Shelley çifti 1818’de İtalya’ya taşındı. Burada birer yıl arayla iki çocuğunu kaybeden Mary Shelley duygusal olarak zor bir döneme girdi ve kendisini yazmaya verdi. 1822’de arkadaşlarıyla yat gezisine çıkan kocası Percy, çıkan fırtınada kayboldu ve hayatını kaybetti.
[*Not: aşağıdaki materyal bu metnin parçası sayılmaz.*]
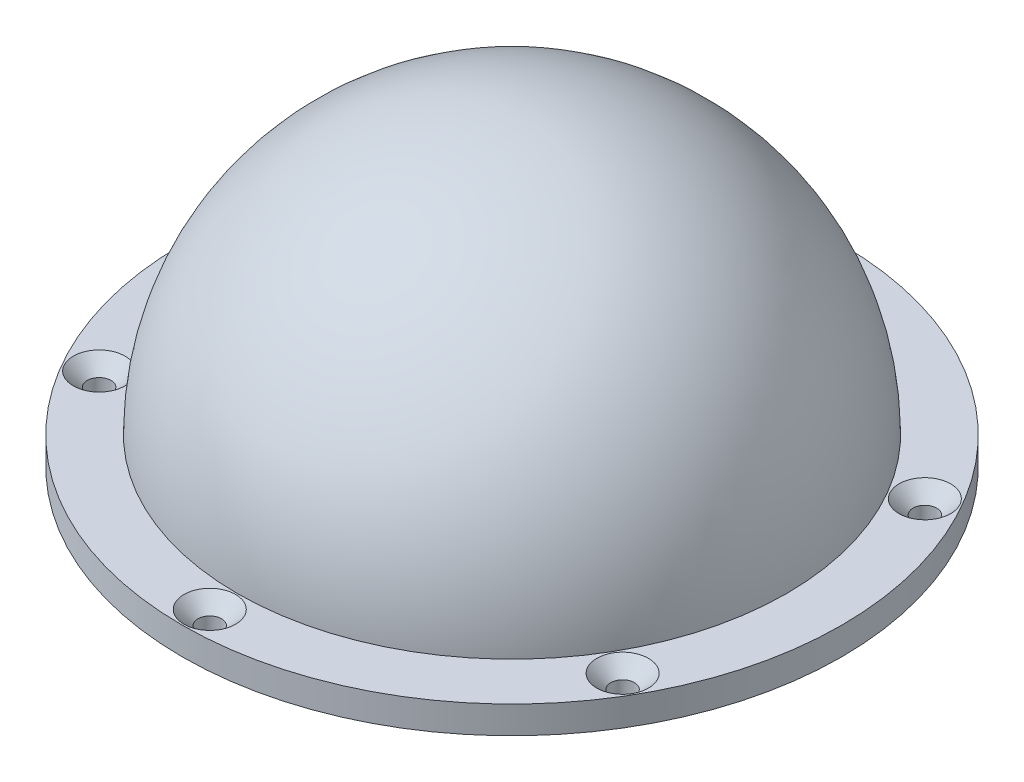
ISO-10303-21;
HEADER;
FILE_DESCRIPTION(('STEP AP214'),'2;1');
FILE_NAME('part.step','',(''),(''),'','','');
FILE_SCHEMA(('AUTOMOTIVE_DESIGN { 1 0 10303 214 1 1 1 1 }'));
ENDSEC;
DATA;
#1=APPLICATION_CONTEXT('core data for automotive mechanical design processes');
#2=APPLICATION_PROTOCOL_DEFINITION('international standard','automotive_design',2000,#1);
#3=PRODUCT_CONTEXT('',#1,'mechanical');
#4=PRODUCT('Part','Part','',(#3));
#5=PRODUCT_RELATED_PRODUCT_CATEGORY('part','',(#4));
#6=PRODUCT_DEFINITION_FORMATION('','',#4);
#7=PRODUCT_DEFINITION_CONTEXT('part definition',#1,'design');
#8=PRODUCT_DEFINITION('design','',#6,#7);
#9=PRODUCT_DEFINITION_SHAPE('','',#8);
#10=(LENGTH_UNIT() NAMED_UNIT(*) SI_UNIT(.MILLI.,.METRE.));
#11=(NAMED_UNIT(*) PLANE_ANGLE_UNIT() SI_UNIT($,.RADIAN.));
#12=(NAMED_UNIT(*) SI_UNIT($,.STERADIAN.) SOLID_ANGLE_UNIT());
#13=UNCERTAINTY_MEASURE_WITH_UNIT(LENGTH_MEASURE(1.E-05),#10,'distance_accuracy_value','');
#14=(GEOMETRIC_REPRESENTATION_CONTEXT(3) GLOBAL_UNCERTAINTY_ASSIGNED_CONTEXT((#13)) GLOBAL_UNIT_ASSIGNED_CONTEXT((#10,
#11,#12)) REPRESENTATION_CONTEXT('',''));
#15=CARTESIAN_POINT('',(0.,0.,0.));
#16=DIRECTION('',(0.,0.,1.));
#17=DIRECTION('',(1.,0.,0.));
#18=AXIS2_PLACEMENT_3D('',#15,#16,#17);
#19=CARTESIAN_POINT('',(0.,50.,0.));
#20=DIRECTION('',(0.,1.,0.));
#21=DIRECTION('',(-1.,0.,0.));
#22=AXIS2_PLACEMENT_3D('',#19,#20,#21);
#23=CYLINDRICAL_SURFACE('',#22,60.);
#24=CARTESIAN_POINT('',(0.,0.,0.));
#25=DIRECTION('',(0.,1.,0.));
#26=DIRECTION('',(-1.,0.,0.));
#27=AXIS2_PLACEMENT_3D('',#24,#25,#26);
#28=CIRCLE('',#27,60.);
#29=CARTESIAN_POINT('',(-60.,0.,0.));
#30=VERTEX_POINT('',#29);
#31=EDGE_CURVE('E10',#30,#30,#28,.T.);
#32=ORIENTED_EDGE('',*,*,#31,.F.);
#33=EDGE_LOOP('',(#32));
#34=FACE_BOUND('',#33,.T.);
#35=CARTESIAN_POINT('',(0.,-4.99999999999999,0.));
#36=DIRECTION('',(0.,1.,0.));
#37=DIRECTION('',(-1.,0.,0.));
#38=AXIS2_PLACEMENT_3D('',#35,#36,#37);
#39=CIRCLE('',#38,60.);
#40=CARTESIAN_POINT('',(-60.,-5.,0.));
#41=VERTEX_POINT('',#40);
#42=EDGE_CURVE('E39',#41,#41,#39,.T.);
#43=ORIENTED_EDGE('',*,*,#42,.T.);
#44=EDGE_LOOP('',(#43));
#45=FACE_BOUND('',#44,.T.);
#46=ADVANCED_FACE('F29',(#34,#45),#23,.T.);
#47=CARTESIAN_POINT('',(50.,0.,0.));
#48=DIRECTION('',(0.,-1.,0.));
#49=DIRECTION('',(1.,0.,0.));
#50=AXIS2_PLACEMENT_3D('',#47,#48,#49);
#51=PLANE('',#50);
#52=CARTESIAN_POINT('',(47.6313972081438,0.,-27.5000000000006));
#53=DIRECTION('',(0.,1.,0.));
#54=DIRECTION('',(0.,0.,1.));
#55=AXIS2_PLACEMENT_3D('',#52,#53,#54);
#56=CIRCLE('',#55,4.7);
#57=CARTESIAN_POINT('',(47.6313972081438,0.,-22.8000000000006));
#58=VERTEX_POINT('',#57);
#59=EDGE_CURVE('E90',#58,#58,#56,.T.);
#60=ORIENTED_EDGE('',*,*,#59,.F.);
#61=EDGE_LOOP('',(#60));
#62=FACE_BOUND('',#61,.T.);
#63=CARTESIAN_POINT('',(47.6313972081444,0.,27.4999999999996));
#64=DIRECTION('',(0.,1.,0.));
#65=DIRECTION('',(0.,0.,1.));
#66=AXIS2_PLACEMENT_3D('',#63,#64,#65);
#67=CIRCLE('',#66,4.7);
#68=CARTESIAN_POINT('',(47.6313972081444,0.,32.1999999999996));
#69=VERTEX_POINT('',#68);
#70=EDGE_CURVE('E81',#69,#69,#67,.T.);
#71=ORIENTED_EDGE('',*,*,#70,.F.);
#72=EDGE_LOOP('',(#71));
#73=FACE_BOUND('',#72,.T.);
#74=CARTESIAN_POINT('',(3.84063169722032E-13,0.,55.));
#75=DIRECTION('',(0.,1.,0.));
#76=DIRECTION('',(0.,0.,1.));
#77=AXIS2_PLACEMENT_3D('',#74,#75,#76);
#78=CIRCLE('',#77,4.7);
#79=CARTESIAN_POINT('',(3.84063169722032E-13,0.,59.7));
#80=VERTEX_POINT('',#79);
#81=EDGE_CURVE('E72',#80,#80,#78,.T.);
#82=ORIENTED_EDGE('',*,*,#81,.F.);
#83=EDGE_LOOP('',(#82));
#84=FACE_BOUND('',#83,.T.);
#85=CARTESIAN_POINT('',(-47.631397208144,0.,27.5000000000002));
#86=DIRECTION('',(0.,1.,0.));
#87=DIRECTION('',(0.,0.,1.));
#88=AXIS2_PLACEMENT_3D('',#85,#86,#87);
#89=CIRCLE('',#88,4.7);
#90=CARTESIAN_POINT('',(-47.631397208144,0.,32.2000000000002));
#91=VERTEX_POINT('',#90);
#92=EDGE_CURVE('E63',#91,#91,#89,.T.);
#93=ORIENTED_EDGE('',*,*,#92,.F.);
#94=EDGE_LOOP('',(#93));
#95=FACE_BOUND('',#94,.T.);
#96=CARTESIAN_POINT('',(-47.6313972081442,0.,-27.4999999999999));
#97=DIRECTION('',(0.,1.,0.));
#98=DIRECTION('',(0.,0.,1.));
#99=AXIS2_PLACEMENT_3D('',#96,#97,#98);
#100=CIRCLE('',#99,4.7);
#101=CARTESIAN_POINT('',(-47.6313972081442,0.,-22.7999999999999));
#102=VERTEX_POINT('',#101);
#103=EDGE_CURVE('E54',#102,#102,#100,.T.);
#104=ORIENTED_EDGE('',*,*,#103,.F.);
#105=EDGE_LOOP('',(#104));
#106=FACE_BOUND('',#105,.T.);
#107=CARTESIAN_POINT('',(0.,0.,-55.));
#108=DIRECTION('',(0.,1.,0.));
#109=DIRECTION('',(0.,0.,1.));
#110=AXIS2_PLACEMENT_3D('',#107,#108,#109);
#111=CIRCLE('',#110,4.7);
#112=CARTESIAN_POINT('',(0.,0.,-50.3));
#113=VERTEX_POINT('',#112);
#114=EDGE_CURVE('E43',#113,#113,#111,.T.);
#115=ORIENTED_EDGE('',*,*,#114,.F.);
#116=EDGE_LOOP('',(#115));
#117=FACE_BOUND('',#116,.T.);
#118=CARTESIAN_POINT('',(0.,0.,0.));
#119=DIRECTION('',(0.,1.,0.));
#120=DIRECTION('',(-1.,0.,0.));
#121=AXIS2_PLACEMENT_3D('',#118,#119,#120);
#122=CIRCLE('',#121,50.);
#123=CARTESIAN_POINT('',(-50.,0.,0.));
#124=VERTEX_POINT('',#123);
#125=EDGE_CURVE('E35',#124,#124,#122,.T.);
#126=ORIENTED_EDGE('',*,*,#125,.F.);
#127=EDGE_LOOP('',(#126));
#128=FACE_BOUND('',#127,.T.);
#129=ORIENTED_EDGE('',*,*,#31,.T.);
#130=EDGE_LOOP('',(#129));
#131=FACE_BOUND('',#130,.T.);
#132=ADVANCED_FACE('F116',(#62,#73,#84,#95,#106,#117,#128,#131),#51,.F.);
#133=CARTESIAN_POINT('',(0.,0.,0.));
#134=DIRECTION('',(0.,1.,0.));
#135=DIRECTION('',(1.,0.,0.));
#136=AXIS2_PLACEMENT_3D('',#133,#134,#135);
#137=SPHERICAL_SURFACE('',#136,50.);
#138=ORIENTED_EDGE('',*,*,#125,.T.);
#139=EDGE_LOOP('',(#138));
#140=FACE_BOUND('',#139,.T.);
#141=ADVANCED_FACE('F119',(#140),#137,.T.);
#142=CARTESIAN_POINT('',(0.,-4.99999999999999,0.));
#143=DIRECTION('',(0.,1.,0.));
#144=DIRECTION('',(-1.,0.,0.));
#145=AXIS2_PLACEMENT_3D('',#142,#143,#144);
#146=PLANE('',#145);
#147=CARTESIAN_POINT('',(47.6313972081438,-4.99999999999999,-27.5000000000006));
#148=DIRECTION('',(0.,1.,0.));
#149=DIRECTION('',(0.,0.,1.));
#150=AXIS2_PLACEMENT_3D('',#147,#148,#149);
#151=CIRCLE('',#150,2.15);
#152=CARTESIAN_POINT('',(47.6313972081438,-4.99999999999999,-25.3500000000006));
#153=VERTEX_POINT('',#152);
#154=EDGE_CURVE('E96',#153,#153,#151,.T.);
#155=ORIENTED_EDGE('',*,*,#154,.T.);
#156=EDGE_LOOP('',(#155));
#157=FACE_BOUND('',#156,.T.);
#158=CARTESIAN_POINT('',(47.6313972081444,-4.99999999999999,27.4999999999996));
#159=DIRECTION('',(0.,1.,0.));
#160=DIRECTION('',(0.,0.,1.));
#161=AXIS2_PLACEMENT_3D('',#158,#159,#160);
#162=CIRCLE('',#161,2.15);
#163=CARTESIAN_POINT('',(47.6313972081444,-4.99999999999999,29.6499999999996));
#164=VERTEX_POINT('',#163);
#165=EDGE_CURVE('E87',#164,#164,#162,.T.);
#166=ORIENTED_EDGE('',*,*,#165,.T.);
#167=EDGE_LOOP('',(#166));
#168=FACE_BOUND('',#167,.T.);
#169=CARTESIAN_POINT('',(3.84063169722032E-13,-4.99999999999999,55.));
#170=DIRECTION('',(0.,1.,0.));
#171=DIRECTION('',(0.,0.,1.));
#172=AXIS2_PLACEMENT_3D('',#169,#170,#171);
#173=CIRCLE('',#172,2.15);
#174=CARTESIAN_POINT('',(3.84063169722032E-13,-4.99999999999999,57.15));
#175=VERTEX_POINT('',#174);
#176=EDGE_CURVE('E78',#175,#175,#173,.T.);
#177=ORIENTED_EDGE('',*,*,#176,.T.);
#178=EDGE_LOOP('',(#177));
#179=FACE_BOUND('',#178,.T.);
#180=CARTESIAN_POINT('',(-47.631397208144,-4.99999999999999,27.5000000000002));
#181=DIRECTION('',(0.,1.,0.));
#182=DIRECTION('',(0.,0.,1.));
#183=AXIS2_PLACEMENT_3D('',#180,#181,#182);
#184=CIRCLE('',#183,2.15);
#185=CARTESIAN_POINT('',(-47.631397208144,-4.99999999999999,29.6500000000002));
#186=VERTEX_POINT('',#185);
#187=EDGE_CURVE('E69',#186,#186,#184,.T.);
#188=ORIENTED_EDGE('',*,*,#187,.T.);
#189=EDGE_LOOP('',(#188));
#190=FACE_BOUND('',#189,.T.);
#191=CARTESIAN_POINT('',(-47.6313972081442,-4.99999999999999,-27.4999999999999));
#192=DIRECTION('',(0.,1.,0.));
#193=DIRECTION('',(0.,0.,1.));
#194=AXIS2_PLACEMENT_3D('',#191,#192,#193);
#195=CIRCLE('',#194,2.15);
#196=CARTESIAN_POINT('',(-47.6313972081442,-4.99999999999999,-25.3499999999999));
#197=VERTEX_POINT('',#196);
#198=EDGE_CURVE('E60',#197,#197,#195,.T.);
#199=ORIENTED_EDGE('',*,*,#198,.T.);
#200=EDGE_LOOP('',(#199));
#201=FACE_BOUND('',#200,.T.);
#202=CARTESIAN_POINT('',(0.,-4.99999999999999,-55.));
#203=DIRECTION('',(0.,1.,0.));
#204=DIRECTION('',(0.,0.,1.));
#205=AXIS2_PLACEMENT_3D('',#202,#203,#204);
#206=CIRCLE('',#205,2.15);
#207=CARTESIAN_POINT('',(0.,-4.99999999999999,-52.85));
#208=VERTEX_POINT('',#207);
#209=EDGE_CURVE('E51',#208,#208,#206,.T.);
#210=ORIENTED_EDGE('',*,*,#209,.T.);
#211=EDGE_LOOP('',(#210));
#212=FACE_BOUND('',#211,.T.);
#213=ORIENTED_EDGE('',*,*,#42,.F.);
#214=EDGE_LOOP('',(#213));
#215=FACE_BOUND('',#214,.T.);
#216=ADVANCED_FACE('F100',(#157,#168,#179,#190,#201,#212,#215),#146,.F.);
#217=CARTESIAN_POINT('',(0.,0.,-55.));
#218=DIRECTION('',(0.,1.,0.));
#219=DIRECTION('',(0.,0.,1.));
#220=AXIS2_PLACEMENT_3D('',#217,#218,#219);
#221=CONICAL_SURFACE('',#220,4.7,0.785398163397449);
#222=CARTESIAN_POINT('',(0.,-2.55,-55.));
#223=DIRECTION('',(0.,1.,0.));
#224=DIRECTION('',(0.,0.,1.));
#225=AXIS2_PLACEMENT_3D('',#222,#223,#224);
#226=CIRCLE('',#225,2.15);
#227=CARTESIAN_POINT('',(0.,-2.55,-52.85));
#228=VERTEX_POINT('',#227);
#229=EDGE_CURVE('E48',#228,#228,#226,.T.);
#230=ORIENTED_EDGE('',*,*,#229,.F.);
#231=EDGE_LOOP('',(#230));
#232=FACE_BOUND('',#231,.T.);
#233=ORIENTED_EDGE('',*,*,#114,.T.);
#234=EDGE_LOOP('',(#233));
#235=FACE_BOUND('',#234,.T.);
#236=ADVANCED_FACE('F131',(#232,#235),#221,.F.);
#237=CARTESIAN_POINT('',(0.,0.,-55.));
#238=DIRECTION('',(0.,1.,0.));
#239=DIRECTION('',(0.,0.,1.));
#240=AXIS2_PLACEMENT_3D('',#237,#238,#239);
#241=CYLINDRICAL_SURFACE('',#240,2.15);
#242=ORIENTED_EDGE('',*,*,#209,.F.);
#243=EDGE_LOOP('',(#242));
#244=FACE_BOUND('',#243,.T.);
#245=ORIENTED_EDGE('',*,*,#229,.T.);
#246=EDGE_LOOP('',(#245));
#247=FACE_BOUND('',#246,.T.);
#248=ADVANCED_FACE('F133',(#244,#247),#241,.F.);
#249=CARTESIAN_POINT('',(-47.6313972081442,0.,-27.4999999999999));
#250=DIRECTION('',(0.,1.,0.));
#251=DIRECTION('',(0.,0.,1.));
#252=AXIS2_PLACEMENT_3D('',#249,#250,#251);
#253=CONICAL_SURFACE('',#252,4.7,0.785398163397449);
#254=CARTESIAN_POINT('',(-47.6313972081442,-2.55,-27.4999999999999));
#255=DIRECTION('',(0.,1.,0.));
#256=DIRECTION('',(0.,0.,1.));
#257=AXIS2_PLACEMENT_3D('',#254,#255,#256);
#258=CIRCLE('',#257,2.15);
#259=CARTESIAN_POINT('',(-47.6313972081442,-2.55,-25.3499999999999));
#260=VERTEX_POINT('',#259);
#261=EDGE_CURVE('E57',#260,#260,#258,.T.);
#262=ORIENTED_EDGE('',*,*,#261,.F.);
#263=EDGE_LOOP('',(#262));
#264=FACE_BOUND('',#263,.T.);
#265=ORIENTED_EDGE('',*,*,#103,.T.);
#266=EDGE_LOOP('',(#265));
#267=FACE_BOUND('',#266,.T.);
#268=ADVANCED_FACE('F140',(#264,#267),#253,.F.);
#269=CARTESIAN_POINT('',(-47.6313972081442,0.,-27.4999999999999));
#270=DIRECTION('',(0.,1.,0.));
#271=DIRECTION('',(0.,0.,1.));
#272=AXIS2_PLACEMENT_3D('',#269,#270,#271);
#273=CYLINDRICAL_SURFACE('',#272,2.15);
#274=ORIENTED_EDGE('',*,*,#198,.F.);
#275=EDGE_LOOP('',(#274));
#276=FACE_BOUND('',#275,.T.);
#277=ORIENTED_EDGE('',*,*,#261,.T.);
#278=EDGE_LOOP('',(#277));
#279=FACE_BOUND('',#278,.T.);
#280=ADVANCED_FACE('F177',(#276,#279),#273,.F.);
#281=CARTESIAN_POINT('',(-47.631397208144,0.,27.5000000000002));
#282=DIRECTION('',(0.,1.,0.));
#283=DIRECTION('',(0.,0.,1.));
#284=AXIS2_PLACEMENT_3D('',#281,#282,#283);
#285=CONICAL_SURFACE('',#284,4.7,0.785398163397449);
#286=CARTESIAN_POINT('',(-47.631397208144,-2.55,27.5000000000002));
#287=DIRECTION('',(0.,1.,0.));
#288=DIRECTION('',(0.,0.,1.));
#289=AXIS2_PLACEMENT_3D('',#286,#287,#288);
#290=CIRCLE('',#289,2.15);
#291=CARTESIAN_POINT('',(-47.631397208144,-2.55,29.6500000000002));
#292=VERTEX_POINT('',#291);
#293=EDGE_CURVE('E66',#292,#292,#290,.T.);
#294=ORIENTED_EDGE('',*,*,#293,.F.);
#295=EDGE_LOOP('',(#294));
#296=FACE_BOUND('',#295,.T.);
#297=ORIENTED_EDGE('',*,*,#92,.T.);
#298=EDGE_LOOP('',(#297));
#299=FACE_BOUND('',#298,.T.);
#300=ADVANCED_FACE('F188',(#296,#299),#285,.F.);
#301=CARTESIAN_POINT('',(-47.631397208144,0.,27.5000000000002));
#302=DIRECTION('',(0.,1.,0.));
#303=DIRECTION('',(0.,0.,1.));
#304=AXIS2_PLACEMENT_3D('',#301,#302,#303);
#305=CYLINDRICAL_SURFACE('',#304,2.15);
#306=ORIENTED_EDGE('',*,*,#187,.F.);
#307=EDGE_LOOP('',(#306));
#308=FACE_BOUND('',#307,.T.);
#309=ORIENTED_EDGE('',*,*,#293,.T.);
#310=EDGE_LOOP('',(#309));
#311=FACE_BOUND('',#310,.T.);
#312=ADVANCED_FACE('F198',(#308,#311),#305,.F.);
#313=CARTESIAN_POINT('',(3.84063169722032E-13,0.,55.));
#314=DIRECTION('',(0.,1.,0.));
#315=DIRECTION('',(0.,0.,1.));
#316=AXIS2_PLACEMENT_3D('',#313,#314,#315);
#317=CONICAL_SURFACE('',#316,4.7,0.785398163397449);
#318=CARTESIAN_POINT('',(3.84063169722032E-13,-2.55,55.));
#319=DIRECTION('',(0.,1.,0.));
#320=DIRECTION('',(0.,0.,1.));
#321=AXIS2_PLACEMENT_3D('',#318,#319,#320);
#322=CIRCLE('',#321,2.15);
#323=CARTESIAN_POINT('',(3.84063169722032E-13,-2.55,57.15));
#324=VERTEX_POINT('',#323);
#325=EDGE_CURVE('E75',#324,#324,#322,.T.);
#326=ORIENTED_EDGE('',*,*,#325,.F.);
#327=EDGE_LOOP('',(#326));
#328=FACE_BOUND('',#327,.T.);
#329=ORIENTED_EDGE('',*,*,#81,.T.);
#330=EDGE_LOOP('',(#329));
#331=FACE_BOUND('',#330,.T.);
#332=ADVANCED_FACE('F208',(#328,#331),#317,.F.);
#333=CARTESIAN_POINT('',(3.84063169722032E-13,0.,55.));
#334=DIRECTION('',(0.,1.,0.));
#335=DIRECTION('',(0.,0.,1.));
#336=AXIS2_PLACEMENT_3D('',#333,#334,#335);
#337=CYLINDRICAL_SURFACE('',#336,2.15);
#338=ORIENTED_EDGE('',*,*,#176,.F.);
#339=EDGE_LOOP('',(#338));
#340=FACE_BOUND('',#339,.T.);
#341=ORIENTED_EDGE('',*,*,#325,.T.);
#342=EDGE_LOOP('',(#341));
#343=FACE_BOUND('',#342,.T.);
#344=ADVANCED_FACE('F218',(#340,#343),#337,.F.);
#345=CARTESIAN_POINT('',(47.6313972081444,0.,27.4999999999996));
#346=DIRECTION('',(0.,1.,0.));
#347=DIRECTION('',(0.,0.,1.));
#348=AXIS2_PLACEMENT_3D('',#345,#346,#347);
#349=CONICAL_SURFACE('',#348,4.7,0.785398163397449);
#350=CARTESIAN_POINT('',(47.6313972081444,-2.55,27.4999999999996));
#351=DIRECTION('',(0.,1.,0.));
#352=DIRECTION('',(0.,0.,1.));
#353=AXIS2_PLACEMENT_3D('',#350,#351,#352);
#354=CIRCLE('',#353,2.15);
#355=CARTESIAN_POINT('',(47.6313972081444,-2.55,29.6499999999996));
#356=VERTEX_POINT('',#355);
#357=EDGE_CURVE('E84',#356,#356,#354,.T.);
#358=ORIENTED_EDGE('',*,*,#357,.F.);
#359=EDGE_LOOP('',(#358));
#360=FACE_BOUND('',#359,.T.);
#361=ORIENTED_EDGE('',*,*,#70,.T.);
#362=EDGE_LOOP('',(#361));
#363=FACE_BOUND('',#362,.T.);
#364=ADVANCED_FACE('F228',(#360,#363),#349,.F.);
#365=CARTESIAN_POINT('',(47.6313972081444,0.,27.4999999999996));
#366=DIRECTION('',(0.,1.,0.));
#367=DIRECTION('',(0.,0.,1.));
#368=AXIS2_PLACEMENT_3D('',#365,#366,#367);
#369=CYLINDRICAL_SURFACE('',#368,2.15);
#370=ORIENTED_EDGE('',*,*,#165,.F.);
#371=EDGE_LOOP('',(#370));
#372=FACE_BOUND('',#371,.T.);
#373=ORIENTED_EDGE('',*,*,#357,.T.);
#374=EDGE_LOOP('',(#373));
#375=FACE_BOUND('',#374,.T.);
#376=ADVANCED_FACE('F112',(#372,#375),#369,.F.);
#377=CARTESIAN_POINT('',(47.6313972081438,0.,-27.5000000000006));
#378=DIRECTION('',(0.,1.,0.));
#379=DIRECTION('',(0.,0.,1.));
#380=AXIS2_PLACEMENT_3D('',#377,#378,#379);
#381=CONICAL_SURFACE('',#380,4.7,0.785398163397449);
#382=CARTESIAN_POINT('',(47.6313972081438,-2.55,-27.5000000000006));
#383=DIRECTION('',(0.,1.,0.));
#384=DIRECTION('',(0.,0.,1.));
#385=AXIS2_PLACEMENT_3D('',#382,#383,#384);
#386=CIRCLE('',#385,2.15);
#387=CARTESIAN_POINT('',(47.6313972081438,-2.55,-25.3500000000006));
#388=VERTEX_POINT('',#387);
#389=EDGE_CURVE('E93',#388,#388,#386,.T.);
#390=ORIENTED_EDGE('',*,*,#389,.F.);
#391=EDGE_LOOP('',(#390));
#392=FACE_BOUND('',#391,.T.);
#393=ORIENTED_EDGE('',*,*,#59,.T.);
#394=EDGE_LOOP('',(#393));
#395=FACE_BOUND('',#394,.T.);
#396=ADVANCED_FACE('F106',(#392,#395),#381,.F.);
#397=CARTESIAN_POINT('',(47.6313972081438,0.,-27.5000000000006));
#398=DIRECTION('',(0.,1.,0.));
#399=DIRECTION('',(0.,0.,1.));
#400=AXIS2_PLACEMENT_3D('',#397,#398,#399);
#401=CYLINDRICAL_SURFACE('',#400,2.15);
#402=ORIENTED_EDGE('',*,*,#154,.F.);
#403=EDGE_LOOP('',(#402));
#404=FACE_BOUND('',#403,.T.);
#405=ORIENTED_EDGE('',*,*,#389,.T.);
#406=EDGE_LOOP('',(#405));
#407=FACE_BOUND('',#406,.T.);
#408=ADVANCED_FACE('F103',(#404,#407),#401,.F.);
#409=CLOSED_SHELL('',(#46,#132,#141,#216,#236,#248,#268,#280,#300,#312,#332,#344,#364,#376,#396,#408));
#410=MANIFOLD_SOLID_BREP('B2',#409);
#411=ADVANCED_BREP_SHAPE_REPRESENTATION('',(#18,#410),#14);
#412=SHAPE_DEFINITION_REPRESENTATION(#9,#411);
ENDSEC;
END-ISO-10303-21;

Mary Shelley tüm bu acı olayları yaşarken henüz 25 yaşındaydı. Kocasını kaybettikten sonra İngiltere’ye döndü ve yazmaya devam etti. 1839’da sağlığı bozulmaya başladı. Bölgesel felçler ve baş ağrılarından muzdaripti. 1 Şubat 1851’de hayatını kaybetti.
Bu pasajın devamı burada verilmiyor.